Thanks for openin my eyes...Now I am going to get me some new books and start paying better attention to all my issues.. of this lovely disease...
Love & Prayers to you Ms. Jean... Friends in Recovery Jozie
It is still awesome that I can continue to come to the family and learn about the problem and the solution on the same day. I relate to all of the input on the problem of perfectionism and need to remember that when I am practicing it I am continuing the dysfunction of expectations from my alcoholic upbringing. Everyone that had to do with my upbringing had the goal of perfection for me and not one of them talked about accepting the very best I could do or did and accepting myself for who I was at that time. Even my friends were full of put downs and rarely did I find affirmation until I got to the rooms of the AFG. I found I was carrying the message of my being less than everytime I failed to accept the reality of my self and what I had created. I have no one to please today but myself however I have to allow acceptance to be right at hand or I fall off the cliff with self hate, disgust and putdowns.
Somehow I picked up the banner of "less than" when I got away from the finger pointers who constantly needed to hold me under.
"...and I have found that acceptance is the solution to all of my problems." That from the 3rd edition of the AA Big Book and Dr. Paul it's author. He was right. I have found in my search thru this program of recovery nothing else that answers the problem. It helped me to get off of my alcoholic wife's back and allow her to find recovery and a wagon load of other problems caused my my ideas that it or them or they or he or she or whatever could be better in order for me to be happy.
NOT!!
Right now at this time, at this place, with these people, on this subject for these reasons is how good it gets. I am powerless over anything else.

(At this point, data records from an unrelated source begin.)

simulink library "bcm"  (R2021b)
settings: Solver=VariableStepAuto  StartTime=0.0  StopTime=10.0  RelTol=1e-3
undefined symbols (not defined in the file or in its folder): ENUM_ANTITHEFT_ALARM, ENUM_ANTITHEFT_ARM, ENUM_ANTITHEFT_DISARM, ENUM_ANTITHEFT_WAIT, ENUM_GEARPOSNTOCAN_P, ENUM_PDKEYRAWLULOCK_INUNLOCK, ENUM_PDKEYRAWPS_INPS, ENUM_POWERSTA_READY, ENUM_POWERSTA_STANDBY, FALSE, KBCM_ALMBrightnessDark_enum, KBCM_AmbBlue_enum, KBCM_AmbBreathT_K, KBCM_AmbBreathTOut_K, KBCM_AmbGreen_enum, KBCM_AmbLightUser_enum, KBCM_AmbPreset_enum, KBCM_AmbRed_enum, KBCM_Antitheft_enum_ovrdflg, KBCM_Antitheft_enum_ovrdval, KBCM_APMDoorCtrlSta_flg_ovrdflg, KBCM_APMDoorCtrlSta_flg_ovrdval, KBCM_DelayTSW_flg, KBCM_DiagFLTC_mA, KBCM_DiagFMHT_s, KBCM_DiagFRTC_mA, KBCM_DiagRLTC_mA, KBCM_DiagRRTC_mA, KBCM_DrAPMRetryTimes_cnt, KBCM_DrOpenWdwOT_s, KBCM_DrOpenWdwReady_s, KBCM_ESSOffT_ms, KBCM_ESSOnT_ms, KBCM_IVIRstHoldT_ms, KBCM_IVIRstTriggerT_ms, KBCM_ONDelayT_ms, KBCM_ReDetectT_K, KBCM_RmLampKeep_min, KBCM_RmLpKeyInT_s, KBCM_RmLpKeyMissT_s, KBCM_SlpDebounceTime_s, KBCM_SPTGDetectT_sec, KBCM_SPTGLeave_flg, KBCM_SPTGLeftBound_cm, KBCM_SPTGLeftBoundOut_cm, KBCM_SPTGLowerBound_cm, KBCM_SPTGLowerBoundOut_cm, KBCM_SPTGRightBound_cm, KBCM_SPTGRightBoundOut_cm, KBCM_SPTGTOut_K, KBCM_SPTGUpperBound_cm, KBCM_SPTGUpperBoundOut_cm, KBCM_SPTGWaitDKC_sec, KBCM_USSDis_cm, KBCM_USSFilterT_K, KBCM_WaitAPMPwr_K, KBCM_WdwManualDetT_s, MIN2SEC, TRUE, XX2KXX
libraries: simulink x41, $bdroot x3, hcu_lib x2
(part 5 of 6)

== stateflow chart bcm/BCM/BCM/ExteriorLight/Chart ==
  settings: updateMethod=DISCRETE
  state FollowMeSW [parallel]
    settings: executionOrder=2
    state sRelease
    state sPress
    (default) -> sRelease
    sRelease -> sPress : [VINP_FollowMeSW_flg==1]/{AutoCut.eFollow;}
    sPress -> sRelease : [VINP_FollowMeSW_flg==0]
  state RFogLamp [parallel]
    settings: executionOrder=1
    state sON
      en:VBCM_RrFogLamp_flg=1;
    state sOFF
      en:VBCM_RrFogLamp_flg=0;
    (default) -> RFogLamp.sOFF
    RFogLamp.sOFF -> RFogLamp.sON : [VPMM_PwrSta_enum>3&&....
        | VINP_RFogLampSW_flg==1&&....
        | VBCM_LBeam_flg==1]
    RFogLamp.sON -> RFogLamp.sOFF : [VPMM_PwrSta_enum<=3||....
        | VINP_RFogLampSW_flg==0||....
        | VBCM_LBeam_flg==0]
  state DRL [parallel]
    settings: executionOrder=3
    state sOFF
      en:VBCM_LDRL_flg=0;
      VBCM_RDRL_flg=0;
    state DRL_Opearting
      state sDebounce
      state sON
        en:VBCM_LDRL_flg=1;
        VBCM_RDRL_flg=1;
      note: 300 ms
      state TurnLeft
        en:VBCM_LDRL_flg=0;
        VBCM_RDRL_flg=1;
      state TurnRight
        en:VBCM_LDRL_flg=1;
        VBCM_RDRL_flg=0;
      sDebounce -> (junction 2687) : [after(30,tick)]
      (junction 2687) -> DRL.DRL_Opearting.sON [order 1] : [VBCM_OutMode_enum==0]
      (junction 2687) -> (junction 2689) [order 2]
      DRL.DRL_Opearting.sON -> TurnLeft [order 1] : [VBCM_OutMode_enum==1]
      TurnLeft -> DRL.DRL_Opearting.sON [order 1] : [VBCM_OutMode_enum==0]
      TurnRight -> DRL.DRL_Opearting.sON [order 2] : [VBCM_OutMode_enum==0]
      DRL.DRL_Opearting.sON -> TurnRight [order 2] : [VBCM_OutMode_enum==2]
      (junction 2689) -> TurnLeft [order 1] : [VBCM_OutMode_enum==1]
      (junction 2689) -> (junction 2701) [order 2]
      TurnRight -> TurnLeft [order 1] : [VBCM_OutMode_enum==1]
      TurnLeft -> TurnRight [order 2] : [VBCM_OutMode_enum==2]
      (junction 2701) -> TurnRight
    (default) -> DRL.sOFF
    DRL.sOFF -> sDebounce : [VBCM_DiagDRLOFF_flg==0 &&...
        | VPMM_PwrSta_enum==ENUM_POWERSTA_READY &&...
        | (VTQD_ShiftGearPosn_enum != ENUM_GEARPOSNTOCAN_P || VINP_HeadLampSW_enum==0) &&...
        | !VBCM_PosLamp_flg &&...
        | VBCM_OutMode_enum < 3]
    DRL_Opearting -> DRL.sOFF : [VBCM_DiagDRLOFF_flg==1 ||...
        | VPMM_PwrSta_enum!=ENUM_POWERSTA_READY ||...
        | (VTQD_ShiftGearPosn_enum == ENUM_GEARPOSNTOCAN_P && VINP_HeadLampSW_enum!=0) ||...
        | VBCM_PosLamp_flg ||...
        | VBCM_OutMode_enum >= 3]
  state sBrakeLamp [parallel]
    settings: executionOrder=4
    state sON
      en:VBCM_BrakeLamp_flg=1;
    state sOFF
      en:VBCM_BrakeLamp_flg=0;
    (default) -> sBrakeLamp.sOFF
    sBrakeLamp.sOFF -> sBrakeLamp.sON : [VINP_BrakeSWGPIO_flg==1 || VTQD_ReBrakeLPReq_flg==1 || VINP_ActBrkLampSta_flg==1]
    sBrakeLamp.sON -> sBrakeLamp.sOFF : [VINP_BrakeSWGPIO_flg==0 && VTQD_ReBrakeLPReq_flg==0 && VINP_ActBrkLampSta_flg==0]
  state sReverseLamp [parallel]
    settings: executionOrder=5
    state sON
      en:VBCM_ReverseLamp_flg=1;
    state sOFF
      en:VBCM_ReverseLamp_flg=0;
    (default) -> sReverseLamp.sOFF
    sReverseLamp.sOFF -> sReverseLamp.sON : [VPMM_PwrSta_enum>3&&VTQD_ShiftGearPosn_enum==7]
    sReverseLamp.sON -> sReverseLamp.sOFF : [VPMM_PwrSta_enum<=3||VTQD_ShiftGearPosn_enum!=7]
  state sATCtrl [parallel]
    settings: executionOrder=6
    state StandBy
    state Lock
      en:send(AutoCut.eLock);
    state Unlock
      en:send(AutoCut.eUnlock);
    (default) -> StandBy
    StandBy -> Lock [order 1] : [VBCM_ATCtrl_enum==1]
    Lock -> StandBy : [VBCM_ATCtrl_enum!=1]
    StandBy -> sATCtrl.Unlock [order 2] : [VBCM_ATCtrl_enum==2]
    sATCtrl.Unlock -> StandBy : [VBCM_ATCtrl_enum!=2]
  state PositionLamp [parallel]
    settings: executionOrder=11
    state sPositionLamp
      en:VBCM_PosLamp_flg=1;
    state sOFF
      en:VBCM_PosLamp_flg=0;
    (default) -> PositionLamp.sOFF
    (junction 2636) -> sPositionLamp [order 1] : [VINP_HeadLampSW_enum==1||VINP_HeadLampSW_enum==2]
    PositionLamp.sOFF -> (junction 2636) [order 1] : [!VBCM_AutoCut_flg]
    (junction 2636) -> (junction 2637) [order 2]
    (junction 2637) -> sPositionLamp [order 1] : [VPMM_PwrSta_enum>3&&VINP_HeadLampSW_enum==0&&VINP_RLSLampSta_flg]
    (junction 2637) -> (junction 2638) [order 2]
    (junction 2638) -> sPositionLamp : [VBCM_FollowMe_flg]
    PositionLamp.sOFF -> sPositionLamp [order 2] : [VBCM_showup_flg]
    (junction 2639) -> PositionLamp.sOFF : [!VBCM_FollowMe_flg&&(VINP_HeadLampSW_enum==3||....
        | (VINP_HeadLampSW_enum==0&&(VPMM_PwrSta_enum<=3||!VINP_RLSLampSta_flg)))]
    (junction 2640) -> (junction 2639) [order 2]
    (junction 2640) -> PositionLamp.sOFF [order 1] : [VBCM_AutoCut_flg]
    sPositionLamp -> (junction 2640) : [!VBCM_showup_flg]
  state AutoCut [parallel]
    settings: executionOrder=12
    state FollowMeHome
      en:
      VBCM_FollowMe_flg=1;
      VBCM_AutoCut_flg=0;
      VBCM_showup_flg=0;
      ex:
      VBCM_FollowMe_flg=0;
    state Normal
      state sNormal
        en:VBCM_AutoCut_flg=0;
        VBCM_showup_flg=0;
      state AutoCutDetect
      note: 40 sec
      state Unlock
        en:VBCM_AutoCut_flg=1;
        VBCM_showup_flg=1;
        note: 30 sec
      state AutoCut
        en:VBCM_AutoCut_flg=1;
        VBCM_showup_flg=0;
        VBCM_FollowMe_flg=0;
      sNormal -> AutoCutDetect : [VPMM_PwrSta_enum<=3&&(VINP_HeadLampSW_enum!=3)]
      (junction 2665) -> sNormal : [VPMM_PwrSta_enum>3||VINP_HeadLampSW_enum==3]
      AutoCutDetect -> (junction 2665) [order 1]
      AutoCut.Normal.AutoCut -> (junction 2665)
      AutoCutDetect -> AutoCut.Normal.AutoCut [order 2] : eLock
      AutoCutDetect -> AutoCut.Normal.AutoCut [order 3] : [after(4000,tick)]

Funny you should mention this. I was having a conversation at work with a colleague about this. She is an ACOA. Her perfectionsim comes from trying to please her alcoholic father and never getting his approval. She said it also comes from not being able to control her father's drinking. She is obsessive compulsive in some behaviors as well. She was telling me stories of how she would try and wash away the pain in the shower for hours. She has improved with that as she has gotten older.
I remember hubby telling me much the same stories. It was a way to please his mother who physically and emotionally abused him as a child. He didn't know when to let go. Even after she passed he was still trying to prove to his mother that he was worth it. That he was a good boy. So sad... I believe at times it also hindered his recovery. He was a brilliant man - sometimes too intelligent for his own good. He would question everything about his recovery. It drove the doctors and councelors crazy when he was in rehab. They were both trying to control things that they had no control over. Boy does that ever ring a bell.
As for me, I wouldn't call myself a perfectionist. There are certain things I am meticulous about. Other things I have learned to let go because it just isn't worth it. As my mother used to remind me: "If the world was perfect it would be boring! Who wants to live in a boring world?" I know I don't. Great topic to contemplate. Much love and blessings to you and your family.